What about all that speculation about the relationship between Bill and Mary? Both parties denied that they were romantically involved while Cunningham was at Bendix, and whether they were or not, says Sloan, is "their own very private, personal business. The only reason it is an issue is that they have made it one." Sloan reports that Cunningham, intentionally or not, gave people at Bendix the idea that she was on familiar terms with Agee.

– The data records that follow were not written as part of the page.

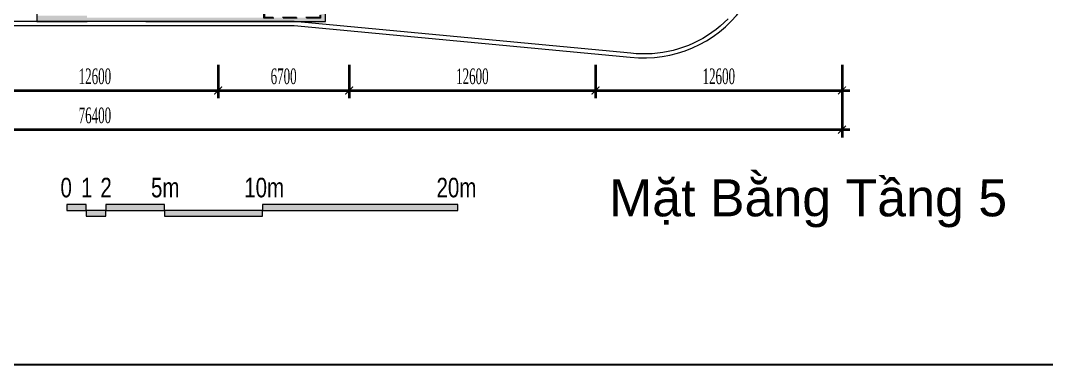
# Model space of a CAD drawing. Header units: millimetres. Extents: x 90964 to 877642, y 656808 to 1438307.
# Drawn here: x 369984 to 422442, y 914374 to 931975 of the extents above; entities that cross this region are included whole.
import ezdxf
from ezdxf.enums import TextEntityAlignment as Align

# ---------------------------------------------------------------- set-up
doc = ezdxf.new("R2010")
doc.units = ezdxf.units.MM
doc.header["$LTSCALE"] = 300
doc.linetypes.add('Overhead', pattern=[3.96875, 2.38125, -1.5875])
doc.layers.get('Defpoints').update_dxf_attribs({"color": 6})
doc.layers.add('A-CAY', color=7, linetype='Continuous', lineweight=13, true_color=0x3b7500)
for name, color, linetype, lineweight in [('A-COT VACH', 2, 'Continuous', 35), ('A-DIM', 125, 'Continuous', 15), ('A-FLOR-HRAL', 11, 'Continuous', 9), ('A-FLOR-HRAL-MBND', 5, 'Overhead', 9), ('A-TEXT', 9, 'Continuous', 18), ('A-WALL', 113, 'Continuous', 9), ('A-WALL-PATT', 111, 'Continuous', 9)]:
    doc.layers.add(name, color=color, linetype=linetype, lineweight=lineweight)
doc.styles.add('A1-arial', font='arial.ttf', dxfattribs={"width": 0.8})
doc.styles.add('ROMANSssss', font='vntimeh.shx', dxfattribs={"width": 0.55})
doc.dimstyles.new('DIM_1-400 MB', dxfattribs={"dimscale": 400, "dimtxt": 2, "dimasz": 1, "dimexe": 1, "dimexo": 0, "dimgap": 0.8, "dimtad": 1, "dimdec": 0, "dimzin": 0, "dimdsep": 46, "dimtxsty": 'ROMANSssss', "dimblk": 'ARCHTICK', "dimcen": 1, "dimdle": 1, "dimclrd": 256, "dimclre": 256, "dimclrt": 7, "dimadec": 0, "dimazin": 0, "dimtfac": 1, "dimtdec": 0, "dimtix": 1, "dimtofl": 0, "dimtmove": 2, "dimatfit": 3, "dimfxl": 1, "dimtolj": 1, "dimtzin": 0, "dimarcsym": 0})

# ---------------------------------------------------------------- blocks, each defined once
blk = doc.blocks.new('Railing - Railing-1480373-Option 5 Floor Plans')
at = {"layer": 'A-FLOR-HRAL-MBND'}
for p, q in [((-108093, -29845), (-107202, -27106)), ((-108055, -29826), (-107183, -27143)), ((-107202, -27106), (-106194, -27433)), ((-107183, -27143), (-106203, -27462)), ((-106203, -27462), (-105937, -27549)), ((-106194, -27433), (-105928, -27520)), ((-105937, -27549), (-103008, -28501)), ((-105928, -27520), (-102999, -28473)), ((-103008, -28501), (-101857, -28875)), ((-102999, -28473), (-101819, -28856)), ((-101857, -28875), (-102729, -31558)), ((-101819, -28856), (-102710, -31596)), ((-106819, -30260), (-108093, -29845)), ((-106809, -30231), (-108055, -29826)), ((-106020, -30519), (-106819, -30260)), ((-106011, -30491), (-106809, -30231)), ((-106286, -30433), (-106277, -30404)), ((-103880, -31184), (-106277, -30404)), ((-103890, -31212), (-106286, -30433)), ((-103623, -31299), (-103890, -31212)), ((-103614, -31270), (-103880, -31184)), ((-102710, -31596), (-103623, -31299)), ((-102729, -31558), (-103614, -31270))]:
    blk.add_line(p, q, dxfattribs=at)
blk = doc.blocks.new('Top Rail Type - Top Rail_Internal_-V17-Option 5 Floor Plans')
at = {"layer": 'A-FLOR-HRAL', "linetype": 'Overhead'}
for p, q in [((-108100, -29848), (-107206, -27099)), ((-108049, -29823), (-107180, -27150)), ((-107206, -27099), (-106192, -27429)), ((-107180, -27150), (-106205, -27467)), ((-106205, -27467), (-103010, -28506)), ((-106192, -27429), (-102997, -28468)), ((-103010, -28506), (-101863, -28879)), ((-102997, -28468), (-101813, -28853)), ((-101863, -28879), (-102732, -31552)), ((-101813, -28853), (-102707, -31602)), ((-106820, -30264), (-108100, -29848)), ((-106808, -30226), (-108049, -29823)), ((-106022, -30524), (-106820, -30264)), ((-106009, -30486), (-106808, -30226)), ((-106288, -30438), (-106275, -30400)), ((-103612, -31265), (-106275, -30400)), ((-103625, -31303), (-106288, -30438)), ((-102707, -31602), (-103625, -31303)), ((-102732, -31552), (-103612, -31265))]:
    blk.add_line(p, q, dxfattribs=at)
at = {"layer": 'A-FLOR-HRAL'}
for p, q in [((-106009, -30486), (-106022, -30524)), ((-104304, -31083), (-106022, -30524)), ((-104291, -31045), (-106009, -30486))]:
    blk.add_line(p, q, dxfattribs=at)
blk = doc.blocks.new('_ArchTick')
at = {"color": 0, "linetype": 'ByBlock', "const_width": 0.15}
blk.add_lwpolyline([(-0.5, -0.5), (0.5, 0.5)], dxfattribs=at)
blk = doc.blocks.new('*D327')
at = {"layer": 'A-DIM', "lineweight": -2, "transparency": 16777216}
for p, q in [((335588, 1095259), (335588, 1091552)), ((411988, 1095259), (411988, 1091552)), ((335188, 1091952), (412388, 1091952))]:
    blk.add_line(p, q, dxfattribs=at)
at = {"layer": 'Defpoints', "color": 0, "transparency": 16777216}
for p in [(335588, 1095259), (411988, 1095259), (411988, 1091952)]:
    blk.add_point(p, dxfattribs=at)
at = {"layer": 'A-DIM', "lineweight": -2, "transparency": 16777216, "xscale": 400, "yscale": 400, "zscale": 400, "rotation": 180}
blk.add_blockref('_ArchTick', (335588, 1091952), dxfattribs=at)
at = {"layer": 'A-DIM', "lineweight": -2, "transparency": 16777216, "xscale": 400, "yscale": 400, "zscale": 400}
blk.add_blockref('_ArchTick', (411988, 1091952), dxfattribs=at)
at = {"layer": 'A-DIM', "color": 7, "transparency": 16777216, "insert": (373788, 1092672), "char_height": 800, "attachment_point": 5, "style": 'ROMANSssss'}
blk.add_mtext('\\A1;76400', dxfattribs=at)
blk = doc.blocks.new('*D331')
at = {"layer": 'A-DIM', "lineweight": -2, "transparency": 16777216}
for p, q in [((367488, 1095259), (367488, 1093552)), ((380088, 1095259), (380088, 1093552)), ((367088, 1093952), (380488, 1093952))]:
    blk.add_line(p, q, dxfattribs=at)
at = {"layer": 'Defpoints', "color": 0, "transparency": 16777216}
for p in [(367488, 1095259), (380088, 1095259), (380088, 1093952)]:
    blk.add_point(p, dxfattribs=at)
at = {"layer": 'A-DIM', "lineweight": -2, "transparency": 16777216, "xscale": 400, "yscale": 400, "zscale": 400, "rotation": 180}
blk.add_blockref('_ArchTick', (367488, 1093952), dxfattribs=at)
at = {"layer": 'A-DIM', "lineweight": -2, "transparency": 16777216, "xscale": 400, "yscale": 400, "zscale": 400}
blk.add_blockref('_ArchTick', (380088, 1093952), dxfattribs=at)
at = {"layer": 'A-DIM', "color": 7, "transparency": 16777216, "insert": (373788, 1094672), "char_height": 800, "attachment_point": 5, "style": 'ROMANSssss'}
blk.add_mtext('\\A1;12600', dxfattribs=at)
blk = doc.blocks.new('*D332')
at = {"layer": 'A-DIM', "lineweight": -2, "transparency": 16777216}
for p, q in [((380088, 1095259), (380088, 1093552)), ((386788, 1095259), (386788, 1093552)), ((379688, 1093952), (387188, 1093952))]:
    blk.add_line(p, q, dxfattribs=at)
at = {"layer": 'Defpoints', "color": 0, "transparency": 16777216}
for p in [(380088, 1095259), (386788, 1095259), (386788, 1093952)]:
    blk.add_point(p, dxfattribs=at)
at = {"layer": 'A-DIM', "lineweight": -2, "transparency": 16777216, "xscale": 400, "yscale": 400, "zscale": 400, "rotation": 180}
blk.add_blockref('_ArchTick', (380088, 1093952), dxfattribs=at)
at = {"layer": 'A-DIM', "lineweight": -2, "transparency": 16777216, "xscale": 400, "yscale": 400, "zscale": 400}
blk.add_blockref('_ArchTick', (386788, 1093952), dxfattribs=at)
at = {"layer": 'A-DIM', "color": 7, "transparency": 16777216, "insert": (383438, 1094672), "char_height": 800, "attachment_point": 5, "style": 'ROMANSssss'}
blk.add_mtext('\\A1;6700', dxfattribs=at)
blk = doc.blocks.new('*D333')
at = {"layer": 'A-DIM', "lineweight": -2, "transparency": 16777216}
for p, q in [((386788, 1095259), (386788, 1093552)), ((399388, 1095259), (399388, 1093552)), ((386388, 1093952), (399788, 1093952))]:
    blk.add_line(p, q, dxfattribs=at)
at = {"layer": 'Defpoints', "color": 0, "transparency": 16777216}
for p in [(386788, 1095259), (399388, 1095259), (399388, 1093952)]:
    blk.add_point(p, dxfattribs=at)
at = {"layer": 'A-DIM', "lineweight": -2, "transparency": 16777216, "xscale": 400, "yscale": 400, "zscale": 400, "rotation": 180}
blk.add_blockref('_ArchTick', (386788, 1093952), dxfattribs=at)
at = {"layer": 'A-DIM', "lineweight": -2, "transparency": 16777216, "xscale": 400, "yscale": 400, "zscale": 400}
blk.add_blockref('_ArchTick', (399388, 1093952), dxfattribs=at)
at = {"layer": 'A-DIM', "color": 7, "transparency": 16777216, "insert": (393088, 1094672), "char_height": 800, "attachment_point": 5, "style": 'ROMANSssss'}
blk.add_mtext('\\A1;12600', dxfattribs=at)
blk = doc.blocks.new('*D334')
at = {"layer": 'A-DIM', "lineweight": -2, "transparency": 16777216}
for p, q in [((399388, 1095259), (399388, 1093552)), ((411988, 1095259), (411988, 1093552)), ((398988, 1093952), (412388, 1093952))]:
    blk.add_line(p, q, dxfattribs=at)
at = {"layer": 'Defpoints', "color": 0, "transparency": 16777216}
for p in [(399388, 1095259), (411988, 1095259), (411988, 1093952)]:
    blk.add_point(p, dxfattribs=at)
at = {"layer": 'A-DIM', "lineweight": -2, "transparency": 16777216, "xscale": 400, "yscale": 400, "zscale": 400, "rotation": 180}
blk.add_blockref('_ArchTick', (399388, 1093952), dxfattribs=at)
at = {"layer": 'A-DIM', "lineweight": -2, "transparency": 16777216, "xscale": 400, "yscale": 400, "zscale": 400}
blk.add_blockref('_ArchTick', (411988, 1093952), dxfattribs=at)
at = {"layer": 'A-DIM', "color": 7, "transparency": 16777216, "insert": (405688, 1094672), "char_height": 800, "attachment_point": 5, "style": 'ROMANSssss'}
blk.add_mtext('\\A1;12600', dxfattribs=at)
blk = doc.blocks.new('as deqwer')
at = {"layer": 'A-CAY'}
h = blk.add_hatch(color=251, dxfattribs=at)
h.dxf.hatch_style = 1
h.paths.add_polyline_path([(0, 301), (-10000, 301), (-10000, 0), (0, 0)])
h.paths.add_polyline_path([(-15000, -301), (-10000, -301), (-10000, 0), (-15000, 0)])
h.paths.add_polyline_path([(-18000, 0), (-15000, 0), (-15000, 301), (-18000, 301)])
h.paths.add_polyline_path([(-19000, -301), (-18000, -301), (-18000, 0), (-19000, 0)])
h.paths.add_polyline_path([(-20000, 0), (-19000, 0), (-19000, 301), (-20000, 301)])
at = {"layer": 'A-CAY', "color": 251}
for points in [[(-20000, 0), (-19000, 0), (-19000, 301), (-20000, 301)], [(-18000, 0), (-15000, 0), (-15000, 301), (-18000, 301)], [(0, 301), (-10000, 301), (-10000, 0), (0, 0)], [(-19000, -301), (-18000, -301), (-18000, 0), (-19000, 0)], [(-15000, -301), (-10000, -301), (-10000, 0), (-15000, 0)]]:
    blk.add_lwpolyline(points, close=True, dxfattribs=at)
at = {"layer": 'A-TEXT', "style": 'A1-arial', "width": 0.75}
for s, p in [('0', (-20030, 671)), ('1', (-18980, 671)), ('2', (-17991, 671)), ('5m', (-14965, 671)), ('10m', (-9908, 671)), ('20m', (-76, 671))]:
    blk.add_text(s, height=1000, dxfattribs=at).set_placement(p, align=Align.CENTER)
blk = doc.blocks.new('DIM TC')
at = {"layer": 'A-DIM'}
for base, p1, p2, picture, middle in [((411987.6, 1091952.2), (335587.6, 1095259.5), (411987.6, 1095259.5), '*D327', (373787.6, 1092672.2)), ((380087.6, 1093952.2), (367487.6, 1095259.5), (380087.6, 1095259.5), '*D331', (373787.6, 1094672.2)), ((386787.5, 1093952.2), (380087.6, 1095259.5), (386787.5, 1095259.5), '*D332', (383437.6, 1094672.2)), ((399387.6, 1093952.2), (386787.5, 1095259.5), (399387.6, 1095259.5), '*D333', (393087.6, 1094672.2)), ((411987.6, 1093952.2), (399387.6, 1095259.5), (411987.6, 1095259.5), '*D334', (405687.6, 1094672.2))]:
    dim = blk.add_linear_dim(base=base, p1=p1, p2=p2, dimstyle='DIM_1-400 MB', dxfattribs=at)
    dim.commit()
    dim.dimension.update_dxf_attribs({"geometry": picture, "text_midpoint": middle})

msp = doc.modelspace()

# ---------------------------------------------------------------- hatches: boundary and pattern name
at = {"layer": 'A-WALL-PATT'}
h = msp.add_hatch(color=256, dxfattribs=at)
h.paths.add_polyline_path([(385585.6, 934068.1), (385585.6, 937826.3), (385285.6, 937826.3), (385285.6, 931926.3), (385585.6, 931926.3)], flags=0)
h.paths.add_polyline_path([(385331, 935264), (385331, 934266.1), (385291, 934266.1), (385291, 936071.6), (385331, 936071.6), (385331, 935862)], flags=0)
for points in [[(373385.6, 932126.3), (373385.6, 932226.3), (370824.6, 932226.3), (370824.6, 931926.3), (373385.6, 931926.3)], [(376385.6, 931926.3), (376385.6, 932126.3), (373385.6, 932126.3), (373385.6, 931926.3), (374740.9, 931926.3)], [(383455.7, 932126.3), (376385.6, 932126.3), (376385.6, 931926.3), (383455.7, 931926.3)], [(385285.6, 931926.3), (385285.6, 932126.3), (383455.7, 932126.3), (383455.7, 931926.3)]]:
    msp.add_hatch(color=256, dxfattribs=at).paths.add_polyline_path(points, flags=0)

# ---------------------------------------------------------------- linework, layer by layer
at = {"layer": 'A-WALL', "lineweight": 18}
for p, q in [((385585.6, 931926.3), (385585.6, 935606.6)), ((370824.6, 932957.3), (370824.6, 931926.3)), ((363604.2, 931726.3), (383971, 931726.3)), ((383982.7, 931926.3), (364296.6, 931926.3)), ((370824.6, 931926.3), (373385.6, 931926.3)), ((376385.6, 931926.3), (385585.6, 931926.3)), ((383971, 931726.3), (401163.6, 930105.6)), ((401191.1, 930303.8), (383982.7, 931926.3))]:
    msp.add_line(p, q, dxfattribs=at)
at = {"layer": 'A-WALL', "lineweight": 18, "flags": 128}
msp.add_lwpolyline([(406165.1, 932060.6), (405969.4, 931870.2), (405765.3, 931688.8), (405553.1, 931516.9), (405333.3, 931354.8), (405106.4, 931202.9), (404872.8, 931061.5), (404633, 930930.9), (404387.5, 930811.3), (404136.8, 930703), (403881.5, 930606.2), (403622, 930521.2), (403358.9, 930448), (403092.8, 930386.9), (402824.1, 930338), (402553.6, 930301.3), (402281.6, 930277), (402008.8, 930265), (401735.7, 930265.5), (401462.9, 930278.5), (401191.1, 930303.8)], dxfattribs=at)
at = {"layer": 'A-WALL', "lineweight": 18}
msp.add_arc((401883.3, 936263.7), 6200, 263.33463, 23.33463, dxfattribs=at)
at = {"layer": 'Defpoints', "color": 1}
msp.add_lwpolyline([(294836.5, 914374.3), (444169.9, 914374.3), (444169.9, 1019974.3), (294836.5, 1019974.3)], close=True, dxfattribs=at)

# ---------------------------------------------------------------- block references
at = {"layer": 'A-CAY'}
msp.add_blockref('as deqwer', (392349.3, 922256.5), dxfattribs=at)
at = {"layer": 'A-COT VACH'}
msp.add_blockref('DIM TC', (0, -165557), dxfattribs=at)
at = {"layer": 'A-FLOR-HRAL', "rotation": 108.0136761594174}
for name in ['Top Rail Type - Top Rail_Internal_-V17-Option 5 Floor Plans', 'Railing - Railing-1480373-Option 5 Floor Plans']:
    msp.add_blockref(name, (323506.2, 1025661.8), dxfattribs=at)

# ---------------------------------------------------------------- texts
at = {"layer": 'A-TEXT', "style": 'A1-arial'}
msp.add_text('Mặt Bằng Tầng 5', height=1900, dxfattribs=at).set_placement((420431.9, 921955.9), align=Align.RIGHT)

doc.saveas('drawing.dxf')

Lampert's book is excellently reported and loaded with lively reconstructed dialogue, although sometimes the drumfire of detail hangs out like clothespins on a line. Lampert discloses that Donald Trump, the New York City real estate tycoon, considered tendering an offer for about 7% of Bendix during the takeover battle in exchange for RCA stock owned by Bendix. The author describes how Agee and Cunningham did not feel they had to play by the same rules as everyone else. At one point, Bruce Wasserstein, a First Boston investment banker who was advising Bendix, tells a flustered Agee: "Before you propose a deal, your team is supposed to do its homework. As far as I can see, that wasn't done."
More Bill and Mary books are on the way. Two FORTUNE writers are preparing their account, and Cunningham, on leave this summer from her job as a vice president of Joseph E. Seagram & Sons, will be weighing in with her version by February.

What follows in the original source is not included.